Trump supporters clash with police and security forces as they storm the U.S. Capitol on Jan. 6.
Roberto Schmidt
AFP via Getty Images
Trump supporters clash with police and security forces as they storm the U.S. Capitol on Jan. 6.

President Biden has asked the director of national intelligence to draw up a comprehensive threat assessment on domestic violent extremism in the country as the new administration seeks to tackle what it calls a "serious and growing national security threat."

The move is one of several the White House press secretary announced Friday to address mounting concerns about domestic extremism, particularly in the wake of the violent insurrection more than two weeks ago by Trump supporters at the U.S. Capitol.

"The Biden administration will confront this threat with the necessary resources and resolve," press secretary Jen Psaki said. "We are committed to developing policies and strategies based on facts, on objective and rigorous analysis and on our respect for constitutionally protected free speech and political activities."

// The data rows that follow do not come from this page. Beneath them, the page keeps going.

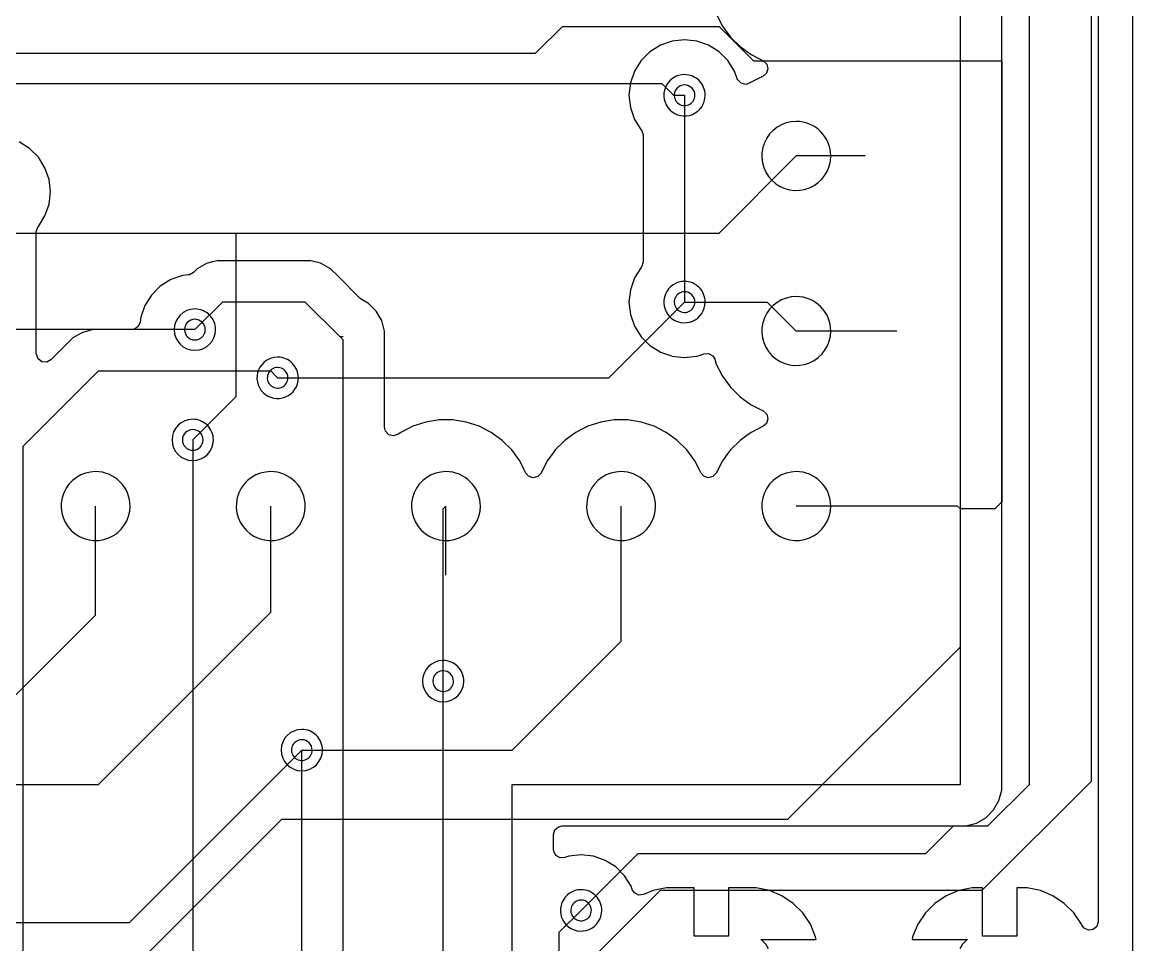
# Model space of a CAD drawing. Header units: millimetres. Extents: x 10 to 287, y 10 to 200.
# Drawn here: x 129.4 to 145.5, y 120.68 to 134.07 of the extents above; entities that cross this region are included whole.
import ezdxf

# ---------------------------------------------------------------- set-up
doc = ezdxf.new("R2010")
doc.units = ezdxf.units.MM
doc.layers.get('0').update_dxf_attribs({"linetype": 'CONTINUOUS'})

msp = doc.modelspace()

# ---------------------------------------------------------------- linework, layer by layer
at = {"color": 7}
for points in [[(144.9995, 149.0002), (144.9995, 121.0152), (144.9798, 120.9482), (144.927, 120.9024), (144.8579, 120.8925), (144.7943, 120.9215), (144.7609, 120.9678), (144.7555, 120.9809), (144.7555, 120.9809), (144.6461, 121.1447), (144.6461, 121.1447), (144.5068, 121.2839), (144.5068, 121.284), (144.343, 121.3934), (144.343, 121.3934), (144.161, 121.4688), (144.161, 121.4688), (143.9678, 121.5072), (143.8193, 121.5072), (143.8193, 120.8072), (143.3193, 120.8072), (143.3193, 121.5072), (143.1708, 121.5072), (142.9776, 121.4688), (142.9776, 121.4688), (142.7956, 121.3934), (142.7956, 121.3934), (142.6319, 121.284), (142.6318, 121.2839), (142.4926, 121.1447), (142.4926, 121.1447), (142.3831, 120.9809), (142.3831, 120.9809), (142.3077, 120.7989), (142.3077, 120.7989), (142.2995, 120.7572), (143.1023, 120.7572), (143.0851, 120.7473), (143.0293, 120.6914), (142.9898, 120.623)], [(145.5, 110.8072), (145.5, 148.1072)], [(144.9, 123.0587), (144.9, 147.1072)], [(140.2189, 120.623), (140.1794, 120.6914), (140.1235, 120.7473), (140.1063, 120.7572), (140.9092, 120.7572), (140.9009, 120.7989), (140.9009, 120.7989), (140.8255, 120.9809), (140.8255, 120.9809), (140.7161, 121.1447), (140.7161, 121.1447), (140.5768, 121.2839), (140.5768, 121.284), (140.413, 121.3934), (140.413, 121.3934), (140.231, 121.4688), (140.231, 121.4688), (140.0378, 121.5072), (139.6393, 121.5072), (139.6393, 120.8072), (139.1393, 120.8072), (139.1393, 121.5072), (138.7408, 121.5072), (138.5476, 121.4688), (138.5476, 121.4688), (138.4067, 121.4104), (138.3372, 121.4029), (138.2748, 121.4342), (138.2422, 121.484), (138.2258, 121.531), (138.2258, 121.531), (138.1298, 121.6837), (138.0023, 121.8113), (137.8995, 121.8759), (137.8495, 121.9073), (137.6793, 121.9668), (137.6792, 121.9668), (137.5, 121.987), (137.5, 121.987), (137.3208, 121.9668), (137.3207, 121.9668), (137.2655, 121.9475), (137.1957, 121.9439), (137.135, 121.9787), (137.1028, 122.0406), (137.1005, 122.0645), (137.1005, 122.2827), (137.1202, 122.3497), (137.173, 122.3955), (137.2245, 122.4067), (143.0791, 122.4067), (143.0791, 122.4067), (143.2318, 122.4476), (143.3687, 122.5267), (143.4805, 122.6385), (143.5596, 122.7754), (143.6005, 122.9281), (143.6005, 146.0863)], [(143, 123.0072), (143, 146.0072)], [(144, 123.0072), (144, 144.0072)], [(139.4611, 134.1872), (139.5505, 134.0118), (139.6662, 133.8526), (139.8054, 133.7134), (139.9646, 133.5977), (140.088, 133.5348), (140.1412, 133.5077), (140.192, 133.4597), (140.2088, 133.3919), (140.1863, 133.3258), (140.1412, 133.2867), (139.9646, 133.1967), (139.9537, 133.1888), (139.8879, 133.1653), (139.8198, 133.1812), (139.7711, 133.2313), (139.7638, 133.2482), (139.7258, 133.3567), (139.6688, 133.4475), (139.6298, 133.5095), (139.5023, 133.637), (139.3495, 133.733), (139.1793, 133.7926), (139.1792, 133.7926), (139, 133.8128), (139, 133.8128), (138.8208, 133.7926), (138.8207, 133.7926), (138.6505, 133.733), (138.4977, 133.637), (138.3702, 133.5095), (138.2742, 133.3567), (138.2146, 133.1865), (138.2146, 133.1865), (138.1944, 133.0072), (138.1944, 133.0072), (138.2146, 132.828), (138.2146, 132.8279), (138.2742, 132.6577), (138.3345, 132.5617), (138.3673, 132.5095), (138.3702, 132.5049), (138.3724, 132.5021), (138.3733, 132.4999), (138.3739, 132.499), (138.3737, 132.4989), (138.3989, 132.4374), (138.3995, 132.4248), (138.3995, 130.5896), (138.3798, 130.5226), (138.3724, 130.5123), (138.3702, 130.5095), (138.2742, 130.3567), (138.2146, 130.1865), (138.2146, 130.1865), (138.1944, 130.0072), (138.1944, 130.0072), (138.2146, 129.828), (138.2146, 129.8279), (138.2742, 129.6577), (138.3565, 129.5267), (138.3702, 129.5049), (138.4977, 129.3774), (138.5125, 129.3681), (138.6298, 129.2944), (138.6505, 129.2814), (138.8099, 129.2256), (138.8207, 129.2218), (138.8208, 129.2218), (139, 129.2016), (139, 129.2016), (139, 129.2016), (139.1792, 129.2218), (139.1793, 129.2218), (139.1793, 129.2218), (139.1793, 129.2218), (139.1793, 129.2218), (139.2104, 129.2327), (139.2792, 129.2568), (139.349, 129.2604), (139.4096, 129.2256), (139.4381, 129.1781), (139.4611, 129.1072), (139.5505, 128.9318), (139.6662, 128.7726), (139.8054, 128.6334), (139.9646, 128.5177), (140.0606, 128.4688), (140.1412, 128.4277), (140.192, 128.3797), (140.2088, 128.3119), (140.1863, 128.2458), (140.1412, 128.2067), (139.9646, 128.1167), (139.9013, 128.0708), (139.8054, 128.001), (139.8054, 128.001), (139.8054, 128.001), (139.6662, 127.8618), (139.6662, 127.8618), (139.6662, 127.8618), (139.6255, 127.8058), (139.5505, 127.7026), (139.4605, 127.526), (139.4125, 127.4752), (139.3447, 127.4584), (139.2786, 127.4809), (139.2395, 127.526), (139.2112, 127.5815), (139.1495, 127.7026), (139.0338, 127.8618), (138.8946, 128.001), (138.7354, 128.1167), (138.7163, 128.1265), (138.56, 128.2061), (138.3728, 128.2669), (138.1784, 128.2977), (138.1784, 128.2977), (137.9816, 128.2977), (137.9816, 128.2977), (137.7872, 128.2669), (137.6, 128.2061), (137.4246, 128.1167), (137.3613, 128.0708), (137.2654, 128.001), (137.2654, 128.001), (137.2654, 128.001), (137.1262, 127.8618), (137.1262, 127.8618), (137.1262, 127.8618), (137.0855, 127.8058), (137.0105, 127.7026), (136.9205, 127.526), (136.8725, 127.4752), (136.8047, 127.4584), (136.7386, 127.4809), (136.6995, 127.526), (136.6712, 127.5815), (136.6095, 127.7026), (136.4938, 127.8618), (136.3546, 128.001), (136.1954, 128.1167), (136.1763, 128.1265), (136.02, 128.2061), (135.8328, 128.2669), (135.6384, 128.2977), (135.6384, 128.2977), (135.4416, 128.2977), (135.4416, 128.2977), (135.2472, 128.2669), (135.06, 128.2061), (134.8846, 128.1167), (134.8474, 128.0897), (134.7816, 128.0662), (134.7135, 128.082), (134.6648, 128.1321), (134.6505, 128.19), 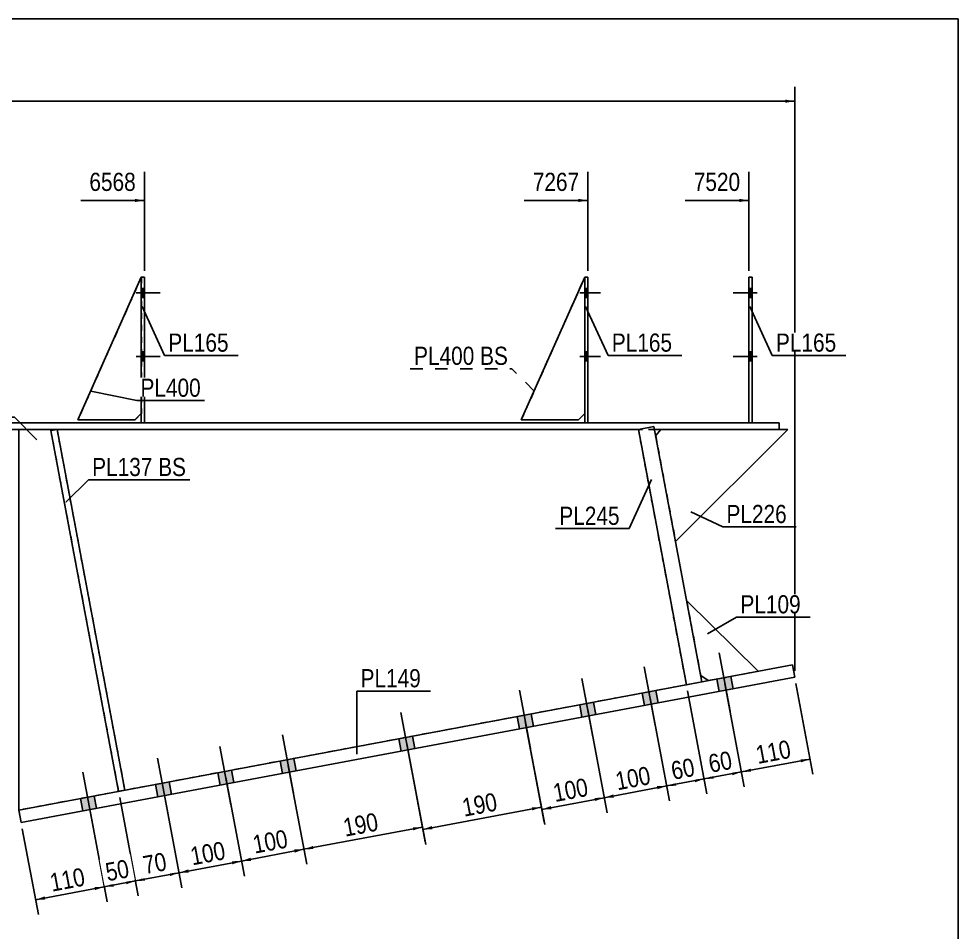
# Model space of a CAD drawing. Header units: millimetres. Extents: x -28 to 375, y -197 to 80.
# Drawn here: x 226.7 to 374.7, y -64.2 to 79.7 of the extents above; entities that cross this region are included whole.
import ezdxf

# ---------------------------------------------------------------- set-up
doc = ezdxf.new("R2010")
doc.units = ezdxf.units.MM
doc.linetypes.add('DXK_LINE_DOT1', pattern=[1.8814, 0.9407, -0.9407])
doc.linetypes.add('DXK_LINE_DOT2', pattern=[3.9198, 1.9599, -1.9599])
doc.styles.add('Arial Narrow', font='ARIALN.TTF', dxfattribs={"height": 0.2})

# ---------------------------------------------------------------- blocks, each defined once
blk = doc.blocks.new('Unknown-627306464-1201')
at = {"color": 5, "linetype": 'Continuous'}
for p, q in [((374.65, 79.7), (-25.35, 79.7)), ((374.65, -197.3), (374.65, 79.7))]:
    blk.add_line(p, q, dxfattribs=at)
blk = doc.blocks.new('Bolt-627306464-1579 - 1575')
at = {"linetype": 'Continuous'}
for points in [[(316.33, 35.8), (316.33, 37.2), (315.83, 37.2), (315.83, 35.8)], [(316.33, 35.8), (316.33, 37.2), (315.83, 37.2), (315.83, 35.8)], [(316.33, 35.8), (316.33, 37.2), (315.83, 37.2), (315.83, 35.8)], [(316.33, 25.8), (316.33, 27.2), (315.83, 27.2), (315.83, 25.8)], [(316.33, 25.8), (316.33, 27.2), (315.83, 27.2), (315.83, 25.8)], [(316.33, 25.8), (316.33, 27.2), (315.83, 27.2), (315.83, 25.8)]]:
    blk.add_hatch(color=3, dxfattribs=at).paths.add_polyline_path(points)
at = {"color": 3, "linetype": 'Continuous'}
for p, q in [((315.83, 37.2), (316.33, 37.2)), ((315.83, 37.2), (316.33, 37.2)), ((315.83, 37.2), (316.33, 37.2)), ((315.03, 36.5), (318.33, 36.5)), ((315.03, 36.5), (318.33, 36.5)), ((315.03, 36.5), (318.33, 36.5)), ((315.83, 35.8), (316.33, 35.8)), ((315.83, 35.8), (316.33, 35.8)), ((315.83, 35.8), (316.33, 35.8)), ((315.83, 27.2), (316.33, 27.2)), ((315.83, 27.2), (316.33, 27.2)), ((315.83, 27.2), (316.33, 27.2)), ((315.03, 26.5), (318.33, 26.5)), ((315.03, 26.5), (318.33, 26.5)), ((315.03, 26.5), (318.33, 26.5)), ((315.83, 25.8), (316.33, 25.8)), ((315.83, 25.8), (316.33, 25.8)), ((315.83, 25.8), (316.33, 25.8))]:
    blk.add_line(p, q, dxfattribs=at)
blk = doc.blocks.new('Bolt-627306464-1580 - 1575')
at = {"linetype": 'Continuous'}
for points in [[(342.19, 35.8), (342.19, 37.2), (341.69, 37.2), (341.69, 35.8)], [(342.19, 35.8), (342.19, 37.2), (341.69, 37.2), (341.69, 35.8)], [(342.19, 35.8), (342.19, 37.2), (341.69, 37.2), (341.69, 35.8)], [(342.19, 25.8), (342.19, 27.2), (341.69, 27.2), (341.69, 25.8)], [(342.19, 25.8), (342.19, 27.2), (341.69, 27.2), (341.69, 25.8)], [(342.19, 25.8), (342.19, 27.2), (341.69, 27.2), (341.69, 25.8)]]:
    blk.add_hatch(color=3, dxfattribs=at).paths.add_polyline_path(points)
at = {"color": 3, "linetype": 'Continuous'}
for p, q in [((342.19, 37.2), (341.69, 37.2)), ((342.19, 37.2), (341.69, 37.2)), ((342.19, 37.2), (341.69, 37.2)), ((342.99, 36.5), (339.19, 36.5)), ((342.99, 36.5), (339.19, 36.5)), ((342.99, 36.5), (339.19, 36.5)), ((342.19, 35.8), (341.69, 35.8)), ((342.19, 35.8), (341.69, 35.8)), ((342.19, 35.8), (341.69, 35.8)), ((342.19, 27.2), (341.69, 27.2)), ((342.19, 27.2), (341.69, 27.2)), ((342.19, 27.2), (341.69, 27.2)), ((342.99, 26.5), (339.19, 26.5)), ((342.99, 26.5), (339.19, 26.5)), ((342.99, 26.5), (339.19, 26.5)), ((342.19, 25.8), (341.69, 25.8)), ((342.19, 25.8), (341.69, 25.8)), ((342.19, 25.8), (341.69, 25.8))]:
    blk.add_line(p, q, dxfattribs=at)
blk = doc.blocks.new('Bolt-627306464-1582 - 1575')
at = {"linetype": 'Continuous'}
for points in [[(246.46, 35.8), (246.46, 37.2), (245.96, 37.2), (245.96, 35.8)], [(246.46, 35.8), (246.46, 37.2), (245.96, 37.2), (245.96, 35.8)], [(246.46, 35.8), (246.46, 37.2), (245.96, 37.2), (245.96, 35.8)], [(246.46, 25.8), (246.46, 27.2), (245.96, 27.2), (245.96, 25.8)], [(246.46, 25.8), (246.46, 27.2), (245.96, 27.2), (245.96, 25.8)], [(246.46, 25.8), (246.46, 27.2), (245.96, 27.2), (245.96, 25.8)]]:
    blk.add_hatch(color=3, dxfattribs=at).paths.add_polyline_path(points)
at = {"color": 3, "linetype": 'Continuous'}
for p, q in [((245.96, 37.2), (246.46, 37.2)), ((245.96, 37.2), (246.46, 37.2)), ((245.96, 37.2), (246.46, 37.2)), ((245.16, 36.5), (248.96, 36.5)), ((245.16, 36.5), (248.96, 36.5)), ((245.16, 36.5), (248.96, 36.5)), ((245.96, 35.8), (246.46, 35.8)), ((245.96, 35.8), (246.46, 35.8)), ((245.96, 35.8), (246.46, 35.8)), ((245.96, 27.2), (246.46, 27.2)), ((245.96, 27.2), (246.46, 27.2)), ((245.96, 27.2), (246.46, 27.2)), ((245.16, 26.5), (248.96, 26.5)), ((245.16, 26.5), (248.96, 26.5)), ((245.16, 26.5), (248.96, 26.5)), ((245.96, 25.8), (246.46, 25.8)), ((245.96, 25.8), (246.46, 25.8)), ((245.96, 25.8), (246.46, 25.8))]:
    blk.add_line(p, q, dxfattribs=at)
blk = doc.blocks.new('Part-627306464-1913 - 1575')
at = {"color": 2, "linetype": 'Continuous'}
for p, q in [((305.83, 16.5), (315.83, 39)), ((314.83, 16.5), (305.83, 16.5)), ((315.83, 17.5), (314.83, 16.5))]:
    blk.add_line(p, q, dxfattribs=at)
at = {"color": 7, "linetype": 'DXK_LINE_DOT1'}
blk.add_line((315.83, 39), (315.83, 17.5), dxfattribs=at)
blk = doc.blocks.new('Bolt-627306464-1629 - 1575')
at = {"linetype": 'Continuous'}
for points in [[(338.81, -23.94), (336.65, -24.35), (337.02, -26.31), (339.18, -25.91)], [(338.81, -23.94), (336.65, -24.35), (337.02, -26.31), (339.18, -25.91)], [(327.02, -26.15), (324.85, -26.56), (325.22, -28.53), (327.38, -28.12)], [(327.02, -26.15), (324.85, -26.56), (325.22, -28.53), (327.38, -28.12)], [(317.19, -28), (315.03, -28.41), (315.39, -30.37), (317.56, -29.97)], [(317.19, -28), (315.03, -28.41), (315.39, -30.37), (317.56, -29.97)], [(307.36, -29.85), (305.2, -30.25), (305.57, -32.22), (307.73, -31.81)], [(307.36, -29.85), (305.2, -30.25), (305.57, -32.22), (307.73, -31.81)], [(288.69, -33.35), (286.52, -33.76), (286.89, -35.73), (289.05, -35.32)], [(288.69, -33.35), (286.52, -33.76), (286.89, -35.73), (289.05, -35.32)], [(270.01, -36.86), (267.85, -37.27), (268.22, -39.23), (270.38, -38.83)], [(270.01, -36.86), (267.85, -37.27), (268.22, -39.23), (270.38, -38.83)], [(260.18, -38.71), (258.02, -39.11), (258.39, -41.08), (260.55, -40.67)], [(260.18, -38.71), (258.02, -39.11), (258.39, -41.08), (260.55, -40.67)], [(250.36, -40.55), (248.19, -40.96), (248.56, -42.92), (250.72, -42.52)], [(250.36, -40.55), (248.19, -40.96), (248.56, -42.92), (250.72, -42.52)], [(238.56, -42.77), (236.4, -43.17), (236.77, -45.14), (238.93, -44.73)], [(238.56, -42.77), (236.4, -43.17), (236.77, -45.14), (238.93, -44.73)]]:
    blk.add_hatch(color=3, dxfattribs=at).paths.add_polyline_path(points)
at = {"color": 3, "linetype": 'Continuous'}
for p, q in [((338.71, -29.39), (336.99, -20.21)), ((338.71, -29.39), (336.99, -20.21)), ((326.92, -31.61), (325.2, -22.43)), ((326.92, -31.61), (325.2, -22.43)), ((317.09, -33.45), (315.37, -24.27)), ((317.09, -33.45), (315.37, -24.27)), ((337.02, -26.31), (336.65, -24.35)), ((337.02, -26.31), (336.65, -24.35)), ((339.18, -25.91), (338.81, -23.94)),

One aspect of that is the threat assessment Biden has requested from the Office of the Director of National Intelligence.

That document will be coordinated with the FBI and the Department of Homeland Security, and it will draw on the analysis from across the U.S. government and outside organizations, Psaki said.

"The key point here is that we want fact-based analysis upon which we can shape policy. This is really the first step in the process," she added. "We will rely on our appropriate law enforcement and intelligence officials to provide that analysis."

The administration is also aiming to build out the capability of the National Security Council to focus on domestic violent extremism, she said.

The NSC is going to look at whether more needs to be done to address the threat. It will review existing policies on preventing radicalization and attacks, and see what gaps need to be filled and then coordinate efforts to fill them, she said.

That effort will be led by Joshua Geltzer, a lawyer who previously worked on the Obama National Security Council and in the Justice Department.

While the attack on the U.S. Capitol was the most glaring recent example of violent extremism, it is not the only one. In October, members of a self-styled militia in Michigan were charged with plotting to kidnap the state's Democratic governor, Gretchen Whitmer.

U.S. officials, meanwhile, have publicly stated that violent white supremacy has been the most lethal domestic terrorism threat in recent years.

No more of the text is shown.